Aim of the exercise
Keep to one stretch of the data below, the lines from the one with "#189=CYLINDRICAL_SURFACE('',#188,4.15);" up to and including the one with "#200=AXIS2_PLACEMENT_3D('',#197,#198,#199);", and return that stretch exactly.
(Records for this task Opens)
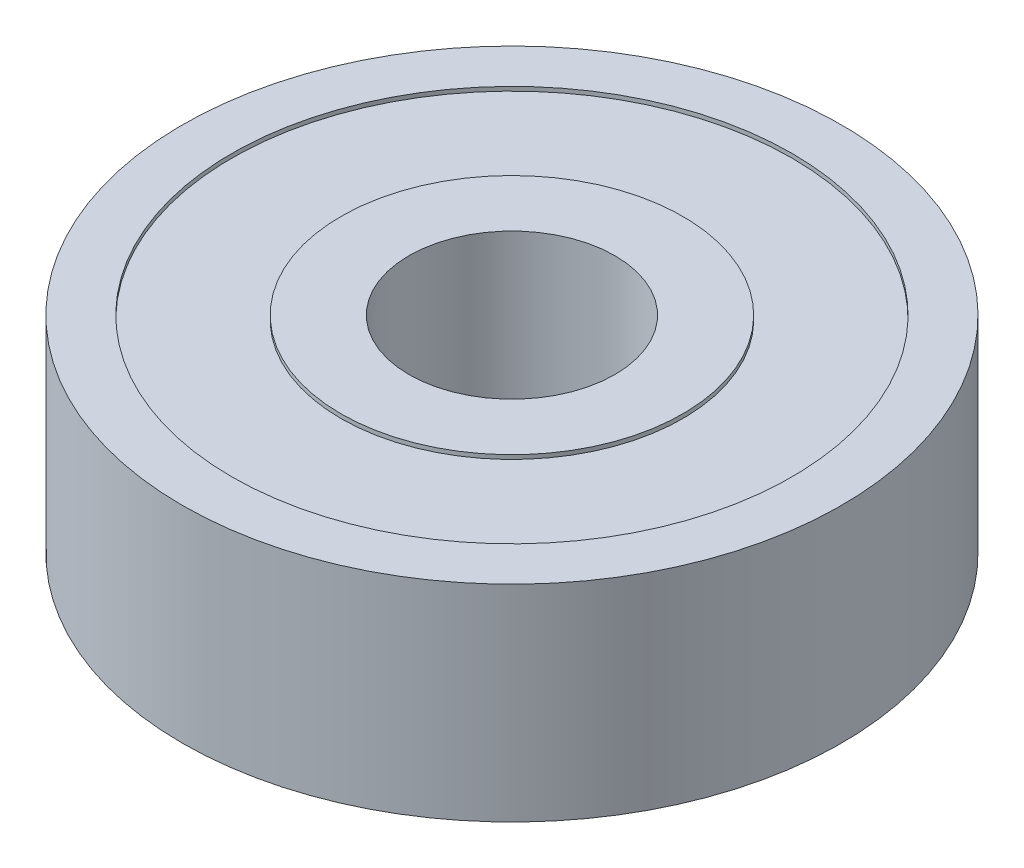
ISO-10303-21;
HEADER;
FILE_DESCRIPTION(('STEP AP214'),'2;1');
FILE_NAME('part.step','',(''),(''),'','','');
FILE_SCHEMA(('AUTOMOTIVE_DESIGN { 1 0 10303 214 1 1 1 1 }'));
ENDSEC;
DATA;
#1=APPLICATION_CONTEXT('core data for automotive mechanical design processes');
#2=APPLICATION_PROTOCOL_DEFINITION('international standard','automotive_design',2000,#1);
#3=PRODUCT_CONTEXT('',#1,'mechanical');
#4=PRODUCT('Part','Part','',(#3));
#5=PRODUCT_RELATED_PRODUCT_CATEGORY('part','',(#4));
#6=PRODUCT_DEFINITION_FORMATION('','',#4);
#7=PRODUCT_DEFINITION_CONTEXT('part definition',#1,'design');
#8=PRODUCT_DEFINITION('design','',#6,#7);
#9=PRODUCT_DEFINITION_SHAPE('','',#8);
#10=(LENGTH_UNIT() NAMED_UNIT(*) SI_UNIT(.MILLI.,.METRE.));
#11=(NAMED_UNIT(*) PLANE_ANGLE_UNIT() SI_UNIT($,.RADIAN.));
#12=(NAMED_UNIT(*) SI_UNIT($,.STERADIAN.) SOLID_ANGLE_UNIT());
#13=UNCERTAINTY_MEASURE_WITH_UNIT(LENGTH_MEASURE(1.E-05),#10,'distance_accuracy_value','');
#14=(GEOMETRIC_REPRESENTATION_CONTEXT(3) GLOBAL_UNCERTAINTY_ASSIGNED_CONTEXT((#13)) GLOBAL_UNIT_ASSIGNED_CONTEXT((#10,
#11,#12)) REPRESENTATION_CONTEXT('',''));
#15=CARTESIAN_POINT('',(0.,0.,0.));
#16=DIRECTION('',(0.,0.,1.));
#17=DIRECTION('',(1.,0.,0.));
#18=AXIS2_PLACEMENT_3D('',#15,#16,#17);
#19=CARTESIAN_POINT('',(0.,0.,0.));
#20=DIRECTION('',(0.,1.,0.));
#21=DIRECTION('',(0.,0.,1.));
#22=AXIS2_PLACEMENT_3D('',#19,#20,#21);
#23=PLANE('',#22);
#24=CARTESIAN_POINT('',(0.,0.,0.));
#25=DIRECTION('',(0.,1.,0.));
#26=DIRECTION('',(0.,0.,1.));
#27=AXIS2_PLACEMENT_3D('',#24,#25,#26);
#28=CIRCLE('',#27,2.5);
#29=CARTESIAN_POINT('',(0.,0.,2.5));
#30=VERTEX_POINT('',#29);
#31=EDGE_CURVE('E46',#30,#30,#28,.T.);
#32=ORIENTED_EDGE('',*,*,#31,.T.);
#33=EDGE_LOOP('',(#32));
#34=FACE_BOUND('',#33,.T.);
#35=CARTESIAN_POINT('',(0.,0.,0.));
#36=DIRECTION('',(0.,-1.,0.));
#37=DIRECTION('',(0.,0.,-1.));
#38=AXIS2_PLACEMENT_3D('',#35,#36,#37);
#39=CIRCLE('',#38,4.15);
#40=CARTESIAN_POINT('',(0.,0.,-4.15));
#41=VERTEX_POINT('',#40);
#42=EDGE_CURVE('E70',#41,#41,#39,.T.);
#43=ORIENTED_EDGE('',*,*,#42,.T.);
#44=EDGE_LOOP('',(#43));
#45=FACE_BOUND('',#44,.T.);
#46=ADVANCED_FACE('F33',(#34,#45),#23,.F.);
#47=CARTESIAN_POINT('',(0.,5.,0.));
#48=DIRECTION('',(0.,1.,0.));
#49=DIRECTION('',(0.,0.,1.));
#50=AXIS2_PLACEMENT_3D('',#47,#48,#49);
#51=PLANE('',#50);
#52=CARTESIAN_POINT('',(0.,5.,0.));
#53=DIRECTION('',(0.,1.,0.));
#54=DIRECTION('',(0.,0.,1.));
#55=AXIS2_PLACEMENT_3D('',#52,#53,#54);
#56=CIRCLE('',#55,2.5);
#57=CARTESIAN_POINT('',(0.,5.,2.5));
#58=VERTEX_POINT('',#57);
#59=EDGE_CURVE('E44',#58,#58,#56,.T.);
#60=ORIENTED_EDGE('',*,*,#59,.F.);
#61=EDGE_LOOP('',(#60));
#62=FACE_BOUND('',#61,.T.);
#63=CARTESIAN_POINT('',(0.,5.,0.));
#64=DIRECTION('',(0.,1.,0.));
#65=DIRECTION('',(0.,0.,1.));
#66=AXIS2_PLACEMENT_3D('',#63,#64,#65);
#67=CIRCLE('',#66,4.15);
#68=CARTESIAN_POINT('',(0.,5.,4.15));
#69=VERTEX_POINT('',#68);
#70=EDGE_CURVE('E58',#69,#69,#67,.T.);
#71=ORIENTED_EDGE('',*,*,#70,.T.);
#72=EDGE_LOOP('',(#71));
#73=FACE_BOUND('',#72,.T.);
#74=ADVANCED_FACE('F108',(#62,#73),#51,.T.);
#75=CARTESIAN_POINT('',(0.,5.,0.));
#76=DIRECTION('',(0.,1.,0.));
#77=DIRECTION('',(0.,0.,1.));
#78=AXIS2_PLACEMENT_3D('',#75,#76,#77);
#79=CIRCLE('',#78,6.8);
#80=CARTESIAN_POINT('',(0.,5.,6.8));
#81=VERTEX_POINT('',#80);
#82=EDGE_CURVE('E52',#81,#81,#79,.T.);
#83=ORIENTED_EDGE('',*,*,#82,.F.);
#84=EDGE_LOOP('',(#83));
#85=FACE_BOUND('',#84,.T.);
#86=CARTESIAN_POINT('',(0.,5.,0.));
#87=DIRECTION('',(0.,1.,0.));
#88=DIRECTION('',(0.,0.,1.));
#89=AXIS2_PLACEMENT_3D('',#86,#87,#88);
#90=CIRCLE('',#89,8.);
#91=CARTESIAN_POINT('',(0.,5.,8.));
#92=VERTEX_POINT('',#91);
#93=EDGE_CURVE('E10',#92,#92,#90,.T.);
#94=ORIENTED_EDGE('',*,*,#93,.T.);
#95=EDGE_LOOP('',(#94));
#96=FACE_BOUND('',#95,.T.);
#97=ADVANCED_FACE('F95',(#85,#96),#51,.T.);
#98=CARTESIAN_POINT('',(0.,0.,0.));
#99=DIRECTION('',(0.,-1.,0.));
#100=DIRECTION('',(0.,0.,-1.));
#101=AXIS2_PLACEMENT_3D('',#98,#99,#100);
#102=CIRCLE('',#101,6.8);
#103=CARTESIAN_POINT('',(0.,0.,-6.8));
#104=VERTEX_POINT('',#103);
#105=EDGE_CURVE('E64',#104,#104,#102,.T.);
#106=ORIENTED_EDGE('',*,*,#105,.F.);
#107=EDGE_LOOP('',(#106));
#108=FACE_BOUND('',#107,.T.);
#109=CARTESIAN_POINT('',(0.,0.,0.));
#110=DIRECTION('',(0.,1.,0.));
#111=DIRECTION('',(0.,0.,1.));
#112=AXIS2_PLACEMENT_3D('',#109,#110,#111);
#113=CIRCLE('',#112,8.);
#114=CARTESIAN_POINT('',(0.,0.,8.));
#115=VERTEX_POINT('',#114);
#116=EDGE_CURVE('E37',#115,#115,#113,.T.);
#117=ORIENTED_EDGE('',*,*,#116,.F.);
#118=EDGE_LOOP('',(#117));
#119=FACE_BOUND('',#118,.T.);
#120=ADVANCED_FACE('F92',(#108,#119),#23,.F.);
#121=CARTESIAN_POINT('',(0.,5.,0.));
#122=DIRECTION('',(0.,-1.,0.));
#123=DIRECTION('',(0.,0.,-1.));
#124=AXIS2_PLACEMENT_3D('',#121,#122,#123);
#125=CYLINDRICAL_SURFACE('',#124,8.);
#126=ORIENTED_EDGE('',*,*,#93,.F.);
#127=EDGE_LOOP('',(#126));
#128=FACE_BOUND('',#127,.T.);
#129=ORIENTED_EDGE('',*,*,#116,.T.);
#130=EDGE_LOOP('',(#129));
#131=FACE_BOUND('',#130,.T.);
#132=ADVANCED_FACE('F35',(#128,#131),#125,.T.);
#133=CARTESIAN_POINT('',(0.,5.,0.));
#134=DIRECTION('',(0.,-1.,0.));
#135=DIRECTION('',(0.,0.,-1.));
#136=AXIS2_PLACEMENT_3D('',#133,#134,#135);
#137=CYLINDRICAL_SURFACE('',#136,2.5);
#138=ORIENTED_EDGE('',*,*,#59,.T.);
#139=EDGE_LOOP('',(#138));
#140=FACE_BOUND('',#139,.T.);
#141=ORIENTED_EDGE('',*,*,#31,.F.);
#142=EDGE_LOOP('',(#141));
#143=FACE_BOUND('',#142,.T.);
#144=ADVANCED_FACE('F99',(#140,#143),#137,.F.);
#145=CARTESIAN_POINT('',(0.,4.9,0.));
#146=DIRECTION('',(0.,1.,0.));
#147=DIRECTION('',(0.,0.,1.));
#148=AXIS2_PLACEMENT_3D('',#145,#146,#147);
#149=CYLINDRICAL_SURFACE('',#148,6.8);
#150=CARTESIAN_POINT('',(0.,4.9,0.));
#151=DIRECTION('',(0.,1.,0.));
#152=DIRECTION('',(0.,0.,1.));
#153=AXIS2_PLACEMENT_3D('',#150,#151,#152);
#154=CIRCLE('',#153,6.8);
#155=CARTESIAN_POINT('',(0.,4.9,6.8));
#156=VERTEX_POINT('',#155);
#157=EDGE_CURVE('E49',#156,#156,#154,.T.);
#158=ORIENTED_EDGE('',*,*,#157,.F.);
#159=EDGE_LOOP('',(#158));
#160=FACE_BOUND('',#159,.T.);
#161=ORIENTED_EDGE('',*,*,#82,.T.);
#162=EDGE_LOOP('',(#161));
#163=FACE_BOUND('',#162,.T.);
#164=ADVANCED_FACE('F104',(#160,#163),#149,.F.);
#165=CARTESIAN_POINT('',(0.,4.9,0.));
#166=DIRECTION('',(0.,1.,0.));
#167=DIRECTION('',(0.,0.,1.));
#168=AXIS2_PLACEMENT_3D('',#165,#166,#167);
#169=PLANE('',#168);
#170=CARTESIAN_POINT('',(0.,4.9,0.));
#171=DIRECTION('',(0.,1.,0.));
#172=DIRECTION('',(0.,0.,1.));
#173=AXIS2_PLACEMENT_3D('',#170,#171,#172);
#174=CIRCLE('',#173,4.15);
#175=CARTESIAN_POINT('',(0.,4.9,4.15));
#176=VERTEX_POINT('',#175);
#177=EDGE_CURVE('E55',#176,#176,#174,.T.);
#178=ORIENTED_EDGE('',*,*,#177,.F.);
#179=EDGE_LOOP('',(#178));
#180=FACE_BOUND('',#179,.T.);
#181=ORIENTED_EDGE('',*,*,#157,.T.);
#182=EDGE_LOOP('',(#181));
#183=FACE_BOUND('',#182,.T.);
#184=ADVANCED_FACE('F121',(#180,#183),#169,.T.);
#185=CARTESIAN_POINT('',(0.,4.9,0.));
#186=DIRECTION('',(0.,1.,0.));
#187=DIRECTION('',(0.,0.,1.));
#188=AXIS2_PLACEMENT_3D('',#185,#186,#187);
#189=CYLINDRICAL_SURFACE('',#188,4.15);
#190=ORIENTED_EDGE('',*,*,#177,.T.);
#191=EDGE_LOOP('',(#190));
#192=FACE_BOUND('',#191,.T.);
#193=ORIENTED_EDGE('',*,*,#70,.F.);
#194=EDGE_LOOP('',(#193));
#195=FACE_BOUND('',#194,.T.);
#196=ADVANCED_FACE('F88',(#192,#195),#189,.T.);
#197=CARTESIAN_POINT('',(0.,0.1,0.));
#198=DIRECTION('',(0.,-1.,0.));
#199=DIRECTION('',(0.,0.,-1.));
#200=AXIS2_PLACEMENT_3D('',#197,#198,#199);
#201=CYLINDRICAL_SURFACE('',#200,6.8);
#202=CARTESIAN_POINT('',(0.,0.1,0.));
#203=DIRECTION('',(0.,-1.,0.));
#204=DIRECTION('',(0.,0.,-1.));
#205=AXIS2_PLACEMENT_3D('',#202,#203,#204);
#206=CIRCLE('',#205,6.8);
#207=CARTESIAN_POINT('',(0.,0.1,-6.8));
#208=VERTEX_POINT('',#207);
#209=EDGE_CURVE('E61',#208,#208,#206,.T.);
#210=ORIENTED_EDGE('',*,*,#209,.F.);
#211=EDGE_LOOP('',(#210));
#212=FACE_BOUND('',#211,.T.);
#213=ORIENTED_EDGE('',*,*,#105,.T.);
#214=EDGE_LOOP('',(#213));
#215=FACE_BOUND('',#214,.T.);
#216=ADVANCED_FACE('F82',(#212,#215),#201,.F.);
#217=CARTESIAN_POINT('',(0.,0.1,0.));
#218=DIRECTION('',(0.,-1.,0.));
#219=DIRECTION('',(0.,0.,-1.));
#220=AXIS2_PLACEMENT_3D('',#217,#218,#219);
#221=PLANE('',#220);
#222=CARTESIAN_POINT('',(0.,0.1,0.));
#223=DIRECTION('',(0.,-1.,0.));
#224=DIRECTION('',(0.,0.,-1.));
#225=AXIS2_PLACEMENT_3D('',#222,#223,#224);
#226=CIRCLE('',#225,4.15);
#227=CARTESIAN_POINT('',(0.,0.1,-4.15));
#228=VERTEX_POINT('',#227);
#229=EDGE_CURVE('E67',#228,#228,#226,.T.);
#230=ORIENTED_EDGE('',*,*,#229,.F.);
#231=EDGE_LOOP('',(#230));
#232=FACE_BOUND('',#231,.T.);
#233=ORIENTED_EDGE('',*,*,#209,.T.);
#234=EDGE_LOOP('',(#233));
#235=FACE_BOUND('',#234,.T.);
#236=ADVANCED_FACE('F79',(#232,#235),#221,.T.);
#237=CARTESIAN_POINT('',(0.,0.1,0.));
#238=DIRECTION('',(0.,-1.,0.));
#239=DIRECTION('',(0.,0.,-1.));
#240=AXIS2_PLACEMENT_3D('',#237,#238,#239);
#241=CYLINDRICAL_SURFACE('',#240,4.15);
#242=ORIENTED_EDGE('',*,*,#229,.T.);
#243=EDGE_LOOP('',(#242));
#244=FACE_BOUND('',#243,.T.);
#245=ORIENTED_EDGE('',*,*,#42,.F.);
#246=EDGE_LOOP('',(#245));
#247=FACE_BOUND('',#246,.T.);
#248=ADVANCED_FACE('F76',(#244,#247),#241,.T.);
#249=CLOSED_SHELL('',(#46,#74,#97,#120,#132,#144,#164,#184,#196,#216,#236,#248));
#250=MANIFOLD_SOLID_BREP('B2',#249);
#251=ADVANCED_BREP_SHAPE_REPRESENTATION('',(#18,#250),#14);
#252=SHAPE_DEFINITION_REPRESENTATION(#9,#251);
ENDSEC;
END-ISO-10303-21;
(Records for this task Closes)
Exercise response
#189=CYLINDRICAL_SURFACE('',#188,4.15);
#190=ORIENTED_EDGE('',*,*,#177,.T.);
#191=EDGE_LOOP('',(#190));
#192=FACE_BOUND('',#191,.T.);
#193=ORIENTED_EDGE('',*,*,#70,.F.);
#194=EDGE_LOOP('',(#193));
#195=FACE_BOUND('',#194,.T.);
#196=ADVANCED_FACE('F88',(#192,#195),#189,.T.);
#197=CARTESIAN_POINT('',(0.,0.1,0.));
#198=DIRECTION('',(0.,-1.,0.));
#199=DIRECTION('',(0.,0.,-1.));
#200=AXIS2_PLACEMENT_3D('',#197,#198,#199);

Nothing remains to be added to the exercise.